By Ron Cowen
Martian soil could contain the building blocks of carbon-based life after all, a new study suggests, despite the negative results of an analysis performed by the Viking missions 34 years ago.
When the Viking landers touched down on Mars in 1976 and scooped up soil samples, scientists were surprised that the two craft failed to unearth evidence that the Red Planet contained any organic compounds. The apparent lack of organic molecules — a basic requirement for carbon-based organisms — helped to cement the notion of Mars as an entity that would not easily support life.
But a new study, which relies on soil samples from Earth, now suggests that the Viking craft may have found organic compounds from Mars but failed to recognize them. The finding represents a sea change in the way many scientists think about Mars and suggests a specific strategy for searching for vestiges of life on the planet, says study coauthor Rafael Navarro-González of the National Autonomous University of Mexico in Mexico City.
Navarro-González and his collaborators, including Chris McKay of NASA’s Ames Research Center in Moffett Field, Calif., describe their work in an upcoming Journal of Geophysical Research–Planets. They also reported the findings September 6 during a press briefing from the National Autonomous University.
The study was inspired by an analysis of soil samples conducted by the Mars Phoenix Lander, which arrived in the north polar region of Mars in May 2008 and operated for five months. Phoenix found that most of the chlorine at the landing site was in the form of perchlorate, rather than a chloride salt as had been assumed (SN: 4/11/2009, p. 12).
Perchlorate is an oxidizing agent that when heated, breaks down into highly reactive fragments that destroy organic compounds. These reactions take place at the same temperatures — 200° to 500° Celsius — to which Martian soil samples were heated by the Viking craft. The only organic compounds found by Viking, chloromethane and dichloromethane, were interpreted as contaminants from Earth, since they are common in cleaning fluid, solid rocket fuel, fireworks and other explosives.
But when Navarro-González and his colleagues added 1 percent by weight magnesium perchlorate to soil from the Atacama Desert in Chile, which is thought to closely resemble Martian soil and is known to contain organic compounds, they found an intriguing result. Heating the perchlorate-adulterated desert soil to temperatures comparable to those in the Viking experiments produced the same chlorinated organic compounds that were found by the landers in 1976 but dismissed as contaminants. Nearly all the organic compounds originally in the Chilean soil were destroyed during the heating.
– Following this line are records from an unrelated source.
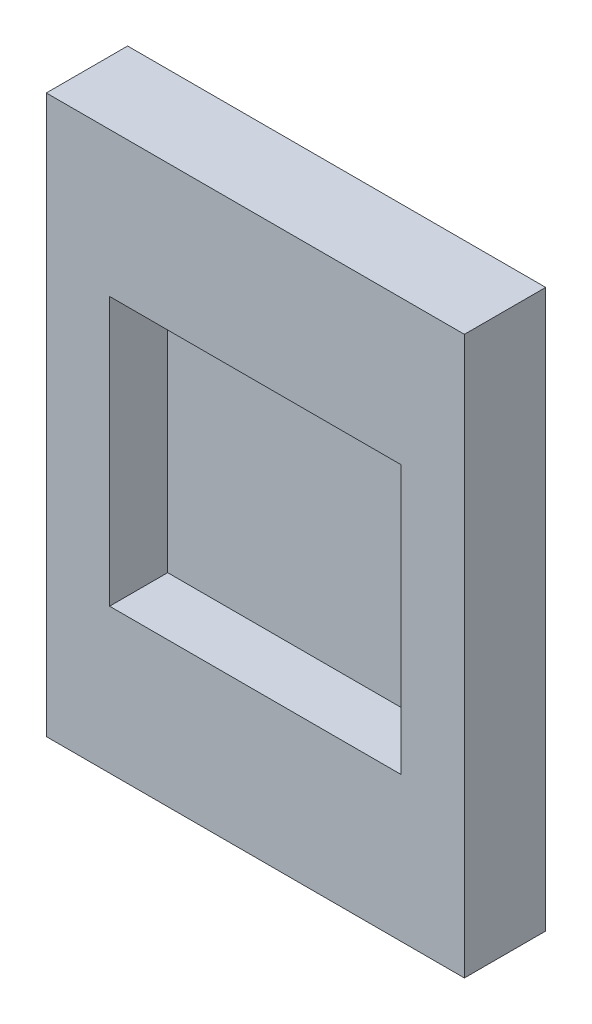
SolidWorks part; units mm, degrees
ref_plane "정면" through (0, 0, 0) normal (0, 0, 1) x (1, 0, 0)
ref_plane "윗면" through (0, 0, 0) normal (0, 1, 0) x (1, 0, 0)
ref_plane "우측면" through (0, 0, 0) normal (1, 0, 0) x (0, 0, -1)
sketch "스케치1" plane through (0, 0, 0) normal (0, 0, 1) x (1, 0, 0)
  line L1 (-9, -12) -> (9, -12)
  line L2 (-9, -12) -> (-9, 12)
  line L3 (-9, 12) -> (9, 12)
  line L4 (9, -12) -> (9, 12)
  line L5 (-9, -12) -> (9, 12) construction
  line L6 (-9, 12) -> (9, -12) construction
  point P0 (0, 0)
  dimension "D1" = 18
  dimension "D2" = 24
extrude "보스-돌출1" add sketch "스케치1" along normal blind 3.5
sketch "스케치2" plane through (0, 0, 3.5) normal (0, 0, 1) x (1, 0, 0)
  line L1 (-6.275, -5.775) -> (6.275, -5.775)
  line L2 (-6.275, -5.775) -> (-6.275, 5.775)
  line L3 (-6.275, 5.775) -> (6.275, 5.775)
  line L4 (6.275, -5.775) -> (6.275, 5.775)
  line L5 (-6.275, -5.775) -> (6.275, 5.775) construction
  line L6 (-6.275, 5.775) -> (6.275, -5.775) construction
  point P1 (0, 0)
  dimension "D1" = 12.55
  dimension "D2" = 11.55
extrude "컷-돌출1" cut sketch "스케치2" against normal blind 2.5

Similarly, the team says, the soil at the two Viking sites likely contained plenty of organics that were destroyed upon heating and were turned into chlorinated methane compounds due to the presence of perchlorate.
“The bottom line of this work is that the Viking landers did detect organics on Mars, we just did not realize it,” McKay asserts. He and his colleagues estimate that the Martian soil contains a few parts per million of organics, comparable with the driest parts of the Atacama Desert.
But astrobiologist David Des Marais of NASA-Ames cautions that the study’s authors can’t be sure that the Chilean desert soil that they analyzed closely resembles the Martian soil. In addition, he notes, the inorganic compounds in the Chilean samples could alter the nature of the materials released during the heating process.
The presence of organic compounds on Mars at concentrations of parts per million does not mean that the Red Planet, now cold and arid, is a gentler, kinder place for life, McKay says. Nor does it require that life exists or once flourished there, the researchers emphasize.
Meteorites could have delivered the compounds to the planet, rather than a biological source. However, the presence of organic compounds opens up a relatively easy way to search for life on Mars, the researchers say.
If Mars contained organic compounds at concentrations of only parts per billion or less, searching for such signs of life as DNA, complex proteins or energy-carrying adenosine triphosphate would be problematic. But if Mars contains organic compounds at the level of parts per million, “then searching within these organics for such biomarkers makes sense,” McKay says. Moreover, scientists are particularly adept at searching for these biomarkers, he adds.
For Des Marais, however, searching for Martian DNA “is out of the question” because the molecule is too fragile.
NASA’s Curiosity Rover, scheduled for launch in November 2011, has the ability to search for organic compounds by adding liquid to soil samples, which would not subject them to the high temperatures at which perchlorate destroys organic compounds, notes McKay.
“I’m very excited about the possibility that in a couple years, we will have a follow-up mission that will use the information that comes from this study to detect and confirm the organics on Mars,” he says.